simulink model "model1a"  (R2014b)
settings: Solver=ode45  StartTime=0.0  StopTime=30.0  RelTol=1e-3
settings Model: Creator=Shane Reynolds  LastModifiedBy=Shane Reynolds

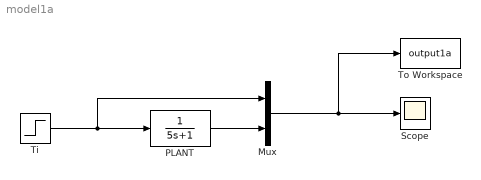
== system model1a ==
  Mux : Mux  Inputs=2
  PLANT : TransferFcn  Denominator=[5 1]
  Scope : Scope
  Ti : Step  After=10  SampleTime=0
  To Workspace : ToWorkspace  VariableName=output1a  SaveFormat=Timeseries  SampleTime=-1
  wires:
  Ti/1 -> Mux/1, PLANT/1
  PLANT/1 -> Mux/2
  Mux/1 -> To Workspace/1, Scope/1

• [DESCRIPTION OF THE TASK] Please return the records above exactly as written, dropping every picture.

• [TASK ANSWER]
simulink model "model1a"  (R2014b)
settings: Solver=ode45  StartTime=0.0  StopTime=30.0  RelTol=1e-3
settings Model: Creator=Shane Reynolds  LastModifiedBy=Shane Reynolds

== system model1a ==
  Mux : Mux  Inputs=2
  PLANT : TransferFcn  Denominator=[5 1]
  Scope : Scope
  Ti : Step  After=10  SampleTime=0
  To Workspace : ToWorkspace  VariableName=output1a  SaveFormat=Timeseries  SampleTime=-1
  wires:
  Ti/1 -> Mux/1, PLANT/1
  PLANT/1 -> Mux/2
  Mux/1 -> To Workspace/1, Scope/1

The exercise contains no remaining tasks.